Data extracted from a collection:
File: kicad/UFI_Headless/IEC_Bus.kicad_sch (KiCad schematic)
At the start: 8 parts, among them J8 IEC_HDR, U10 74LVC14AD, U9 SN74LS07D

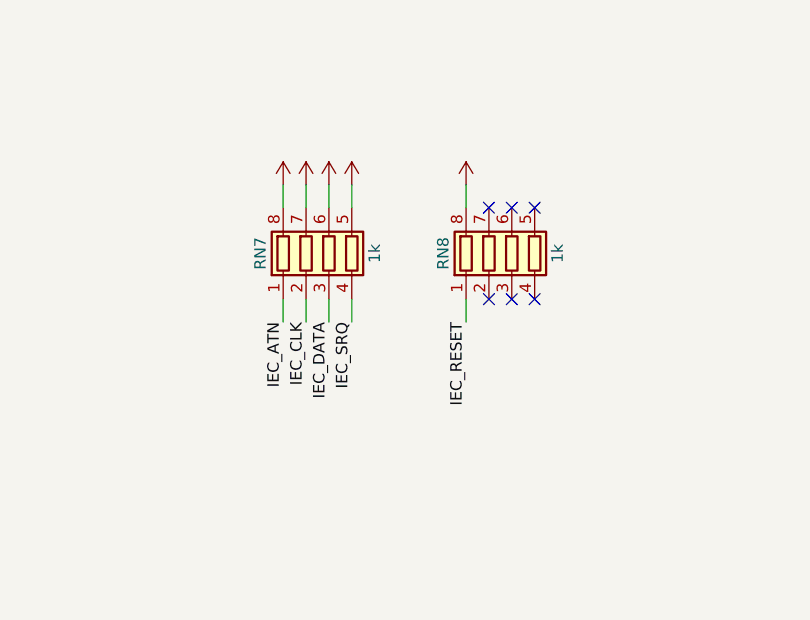
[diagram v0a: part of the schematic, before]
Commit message: KiCad v0.7 rework, schematic stages A1-A3: automatic 5 V source selection, discrete FDD termination, front-panel header - Power: J18 (5V_SEL jumper) removed, U19 TPS2116DRL selects external 5 V (J17, priority) or the 12 V buck automatically (R72 33k / R73 10k PR1 divider, C57 1 uF, status via R74 10k to +3V3 on test point TP9 TP_5V_SEL), PWR_FLAG moved to +5V_PSU_F; Flux_Interface / IEC_Bus / FDD_Connectors: RN1-RN8 (1k R_Pack04) replaced by 25 discrete 0603 1k resistors R75-R99 on the same nets (17 FDD lines, 5 IEC, 3 Amiga), array stubs, per-pin +5V symbols and orphan no-connects removed; MCU_Core: J9 EXPANSION and J13 MODE_SW removed, J12 becomes a keyed 2x8 IDC front-panel header FRONT (1 +3V3, 3 ACT, 5 ERR, 7 USB, 9 FDD, 11 PWR via R34-R37 and new R100 330 R, 13 BTN_A, 14 BTN_B, 15 MODE1, 16 MODE2 via R101-R104 470 R and TVS D18-D21, even pins 2-12 GND), on-board LEDs D5-D8 with R12-R15 removed (D4 ACT stays), SW3/SW4 marked DNP (buttons on the front); lib_symbols for Conn_02x08_Odd_Even and D_TVS added to MCU_Core; ERC over the whole project 0 errors / 0 warnings. Design brief docs/PCB_Revision_Empfehlungen_2026-10-24.md (decisions of 2026-10-24: power as before minus J18, input edge vs. drive edge, DB23 Amiga at the drive edge, W5500 LAN at the input edge, 32x 0603 termination), bring-up procedure docs/Bringup_2026-10-24.md (USB-C J1 soldered rotated 180 deg on the first board). Open for A4/A5: INDEX_SIM needs its own timer-capable MCU pin (PE1 is now the MODE2 line; firmware pin map changes in the same commit as the schematic), I2C SCL/SDA get 4 test pads, D18-D21 to be swapped for low-leakage ESD diodes (SMF3.3CA leaks up to 1 mA at 3.3 V against ~40k internal pull-ups) plus ESD on the five LED lines, +3V3 on J12 pin 1 to be fed through a 1k series resistor, loopback block, LA header, J11 slide switch, DIN-6 and DB23, W5500, then layout (USB-C edge cutout, input/output edges). Layout (.kicad_pcb) not yet touched.
Claude-Session: https://claude.ai/code/sessi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
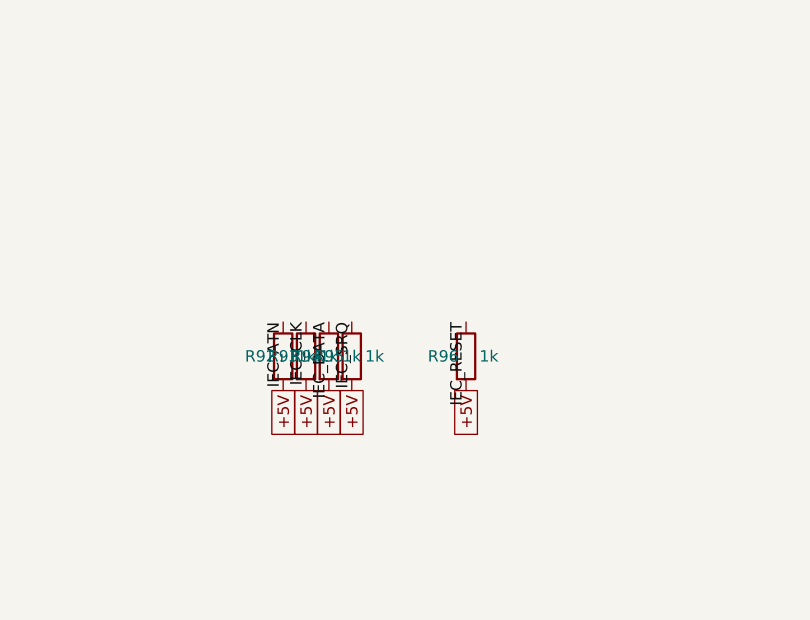
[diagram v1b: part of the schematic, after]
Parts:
- removed RN7, RN8: 1k, Resistor_SMD:R_Array_Convex_4x0603, symbol Device:R_Pack04
- added R92, R93, R94, R95, R96: 1k, Resistor_SMD:R_0603_1608Metric, symbol Device:R
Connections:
- net +5V: now also R92.2, R93.2, R94.2, R95.2, R96.2
- net IEC_ATN: now also R92.1
- net IEC_CLK: now also R93.1
- net IEC_DATA: now also R94.1
- net IEC_RESET: now also R96.1
- net IEC_SRQ: now also R95.1
- no-connect marks 8 -> 2

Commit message: KiCad v0.7 rework, schematic stage A4 with the matching firmware pin map: electronic self-test loopback, index simulation on its own timer pin, PSU-guard header, LA header - owner's constraint of 2026-10-24: the board sits in a closed enclosure, only LAN and USB stay reachable, nothing is pluggable after assembly, so no jumpers or slide switches for operation. Flux_Interface: J11 WRITE_LOCK pin header replaced by solder jumper JP4 (+3V3 to WLOCK, R33 100k pull-down and the U14 LVC1G32 hardware gate unchanged); INDEX_SIM is a global net from PE5 (TIM15_CH1, verified against the ST pin database via the embassy stm32h723zg tables) through the until now unused open-collector buffer U7F (pin 13 was tied to +5V) onto FD_INDEX, wired-OR like the J19 sync sensor, so the self-test index loop needs no wire; new loopback block U22 TS5A3166DBVR (SOT-23-5, pins 1 NO = FD_RDATA, 2 COM = FD_WDATA, 3 GND, 4 IN = LOOP_EN, 5 V+ = +5V; TI datasheet: V+ 1.65-5.5 V, VIH 2.4 V at 5 V, control input 0-5.5 V), C58 100n, R106 100k pull-down on LOOP_EN (open during reset), Q5 2N7002 pulls FD_TRK0 low with LOOP_EN; note text updated. IEC_Bus: the spare inverter U10F (input was GND, output no-connect) reads FD_WGATE back as WGATE_SENSE. MCU_Core: U5 PE5 INDEX_SIM, PG14 LOOP_EN, PG15 WGATE_SENSE, PG7 GUARD_OFF, PG8 GUARD_ERR5, PG13 GUARD_ERR12 (six no-connect flags removed); J20 GUARD 1x4 (1 GND, 2 OFF, 3 ERR5, 4 ERR12 with R107/R108 10k pull-ups) for the C64 PSU Guard board's J3; J21 LA 2x10 logic-analyser header on the 3.3 V side (1 RDATA, 3 WDATA, 5 INDEX, 7 WGATE, 9 STEP, 11 DIR, 13 SIDE, 15 DRVSEL_A, 17 MOTOR_A, 19 TRK0, 2 WPROT, 4 DSKCHG, 6 READY, 8 DENSITY, 10 INDEX_SIM, 12 LOOP_EN, 14 WGATE_SENSE, 16/18/20 GND); lib symbols TS5A3166DBVR, 2N7002, SolderJumper_2_Open, Conn_01x04, Conn_02x10_Odd_Even added to the sheets. ERC over the whole project 0 errors / 0 warnings. Firmware (same commit, as agreed): board.h/board_headless.c pin table PIN_INDEX_SIM PE5 (INDEX_SIM_AF = AF4), PIN_LOOP_EN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
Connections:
- net GND: no longer U10.13
- net WGATE_SENSE: now reaches U10.12
- new net FD_WGATE: U10.13
- no-connect marks 2 -> 1
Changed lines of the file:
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@@
-		)
-	)
-	(no_connect
-		(at 228.6 124.46)
-	)
-	(wire
-		(pts
-			(xy 213.36 124.46) (xy 210.82 124.46)
-		)
-		(stroke
-			(width 0)
-			(type default)
 		)
 	)
@@
 	)
 	(symbol
-		(lib_id "power:GND")
-		(at 210.82 124.46 270)
-		(unit 1)
-		(exclude_from_sim no)
-		(in_bom no)
-		(on_board yes)
-		(dnp no)
-		(property "Reference" "#PWR265"
-			(at 210.82 124.46 0)
-			(effects
-				(font
-					(size 1.27 1.27)
-				)
-				(hide yes)
-			)
-		)
-		(property "Value" "GND"
-			(at 210.82 124.46 0)
-			(effects
-				(font
-					(size 1.27 1.27)
-				)
-				(hide yes)
-			)
-		)
-		(property "Footprint" ""
-			(at 210.82 124.46 0)
-			(effects
-				(font
-					(size 1.27 1.27)
-				)
-				(hide yes)
-			)
-		)
-		(property "Datasheet" ""
-			(at 210.82 124.46 0)
-			(effects
-				(font
-					(size 1.27 1.27)
-				)
-				(hide yes)
-			)
-		)
-		(pin "1"
-		)
-		(instances
-			(project "UFI_Headless"
-				(path "/dc1b800d-cedf-5627-97f0-e6992ff33669/ed0b61ff-f6bd-56db-b8a4-25dbfb310cbc"
-					(reference "#PWR265")
-					(unit 1)
-				)
-			)
-		)
-	)
-	(symbol
 		(lib_id "74xx:74HC14")
 		(at 220.98 124.46 0)
@@
 		(effects
 			(font
+				(size 1.27 1.27)
+			)
+			(justify right)
+		)
+	)
+	(global_label "WGATE_SENSE"
+		(at 228.6 124.46 0)
+		(effects
+			(font
+				(size 1.27 1.27)
+			)
+			(justify left)
+		)
+	)
+	(global_label "FD_WGATE"
+		(at 213.35999999999999 124.46 180)
+		(effects
+			(font

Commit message: KiCad v0.7 rework, stage C part 1 (BOM completion before the release, review note H12): every BOM row now carries an LCSC number, checked against the JLCPCB SMT catalogue on 2026-10-25 (stock in brackets). LAN sheet: U23 W5500 C32843 (9019), J22 HR911105A C12074 (72229, THT), Y2 25 MHz 12 pF +-10 ppm YXC X322525MOB4SI C9006 (basic; load capacitance 12 pF verified on the LCSC parameter page, fits the 18 pF C59/C60), C59/C60 18 pF C0G Yageo CC0603JRNPO9BN180 C107040, C61/C74 10 nF FH 0603B103K500NT C57112 (basic), C71 22 nF Samsung CL10B223KB8NNNC C21122 (basic), C72/C73 6.8 nF FH 0603B682K500NT C1631 (basic), C62 4.7 uF C1779, C63/C69 10 uF C15850, C64-C68/C70 100 nF C14663, FB2 C1002, R109 1M C22935, R111 12.4k 1 % C22865, R112/R113 49.9R 1 % C23185 (basic), R114 10R 1 % C22859 (basic), R115/R116 82R 1 % C23255, R117/R118 330R C23138, R119-R124 10k C25804. Other sheets: R75-R99/R105/R128 1k C21190, R74/R107/R108 10k C25804, R101-R104/R130 470R C23179, R106/R131 100k C25803, C58 100 nF C14663 (value text 100n -> 100nF so it groups with the other 100 nF), D18-D26/D28/D29 PESD3V3L1BA C51450 (48710) like D32-D34, Q5 2N7002 C8545 (basic), U22 TS5A3166DBVR C353035 (10678), J2 DC-005 2.0 C16214 (92305; same pin pattern as the KiCad BarrelJack_Horizontal footprint, placement to be checked in the JLC viewer), J7 2x12 IDC ZHOURI DC3-2.54-24PAS C5144580 (stock 81 - hand soldering stays the recommendation in docs/Bestellung_JLC.md), J12 2x8 IDC DC3-2.54-16PAS C2977594 (4335), J16 2x5 pin header XFCN PZ254V-12-10P C492422 (105667), J21 2x10 pin header PZ254V-12-20P C492427 (63622). Solder jumpers JP5-JP8 are excluded from the BOM (in_bom no) like JP1/JP3 - bare copper, nothing to place. Stock of the review's watch list: U9 SN74LS07DR C371970 4776, D31 ESDA6V1-5SC6 C6650 3010, L1 SRN6045TA-150M C1330797 1866. BOM export (kicad-cli sch export bom, grouped by value/footprint/LCSC): 99 rows, 0 without LCSC, 0 DNP. ERC over the whole project 0 errors / 0 warnings (build/erc.rpt). No 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
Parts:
- R92, R93, R94, R95, R96: LCSC (none) -> C21190
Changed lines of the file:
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@@
+			)
+		)
+		(property "LCSC" "C21190"
+			(at 71.882 171.45 90)
+			(effects
+				(font
+					(size 1.27 1.27)
+				)
+				(hide yes)
 			)
 		)
@@
 			)
 		)
+		(property "LCSC" "C21190"
+			(at 74.422 171.45 90)
+			(effects
+				(font
+					(size 1.27 1.27)
+				)
+				(hide yes)
+			)
+		)
 		(property "Footprint" "Resistor_SMD:R_0603_1608Metric"
 			(at 74.422 171.45 90)
@@
 			)
 		)
+		(property "LCSC" "C21190"
+			(at 76.962 171.45 90)
+			(effects
+				(font
+					(size 1.27 1.27)
+				)
+				(hide yes)
+			)
+		)
 		(property "Footprint" "Resistor_SMD:R_0603_1608Metric"
 			(at 76.962 171.45 90)
@@
 			)
 		)
+		(property "LCSC" "C21190"
+			(at 79.502 171.45 90)
+			(effects
+				(font
+					(size 1.27 1.27)
+				)
+				(hide yes)
+			)
+		)
 		(property "Footprint" "Resistor_SMD:R_0603_1608Metric"
 			(at 79.502 171.45 90)
@@
 			)
 		)
+		(property "LCSC" "C21190"
+			(at 92.202 171.45 90)
+			(effects
+				(font
+					(size 1.27 1.27)
+				)
+				(hide yes)
+			)
+		)

Task description:
Each line of the records with the word "power" in it is to be copied.

Answer for the task:
Commit message: KiCad v0.7 rework, schematic stages A1-A3: automatic 5 V source selection, discrete FDD termination, front-panel header - Power: J18 (5V_SEL jumper) removed, U19 TPS2116DRL selects external 5 V (J17, priority) or the 12 V buck automatically (R72 33k / R73 10k PR1 divider, C57 1 uF, status via R74 10k to +3V3 on test point TP9 TP_5V_SEL), PWR_FLAG moved to +5V_PSU_F; Flux_Interface / IEC_Bus / FDD_Connectors: RN1-RN8 (1k R_Pack04) replaced by 25 discrete 0603 1k resistors R75-R99 on the same nets (17 FDD lines, 5 IEC, 3 Amiga), array stubs, per-pin +5V symbols and orphan no-connects removed; MCU_Core: J9 EXPANSION and J13 MODE_SW removed, J12 becomes a keyed 2x8 IDC front-panel header FRONT (1 +3V3, 3 ACT, 5 ERR, 7 USB, 9 FDD, 11 PWR via R34-R37 and new R100 330 R, 13 BTN_A, 14 BTN_B, 15 MODE1, 16 MODE2 via R101-R104 470 R and TVS D18-D21, even pins 2-12 GND), on-board LEDs D5-D8 with R12-R15 removed (D4 ACT stays), SW3/SW4 marked DNP (buttons on the front); lib_symbols for Conn_02x08_Odd_Even and D_TVS added to MCU_Core; ERC over the whole project 0 errors / 0 warnings. Design brief docs/PCB_Revision_Empfehlungen_2026-10-24.md (decisions of 2026-10-24: power as before minus J18, input edge vs. drive edge, DB23 Amiga at the drive edge, W5500 LAN at the input edge, 32x 0603 termination), bring-up procedure docs/Bringup_2026-10-24.md (USB-C J1 soldered rotated 180 deg on the first board). Open for A4/A5: INDEX_SIM needs its own timer-capable MCU pin (PE1 is now the MODE2 line; firmware pin map changes in the same commit as the schematic), I2C SCL/SDA get 4 test pads, D18-D21 to be swapped for low-leakage ESD diodes (SMF3.3CA leaks up to 1 mA at 3.3 V against ~40k internal pull-ups) plus ESD on the five LED lines, +3V3 on J12 pin 1 to be fed through a 1k series resistor, loopback block, LA header, J11 slide switch, DIN-6 and DB23, W5500, then layout (USB-C edge cutout, input/output edges). Layout (.kicad_pcb) not yet touched.
-		(lib_id "power:GND")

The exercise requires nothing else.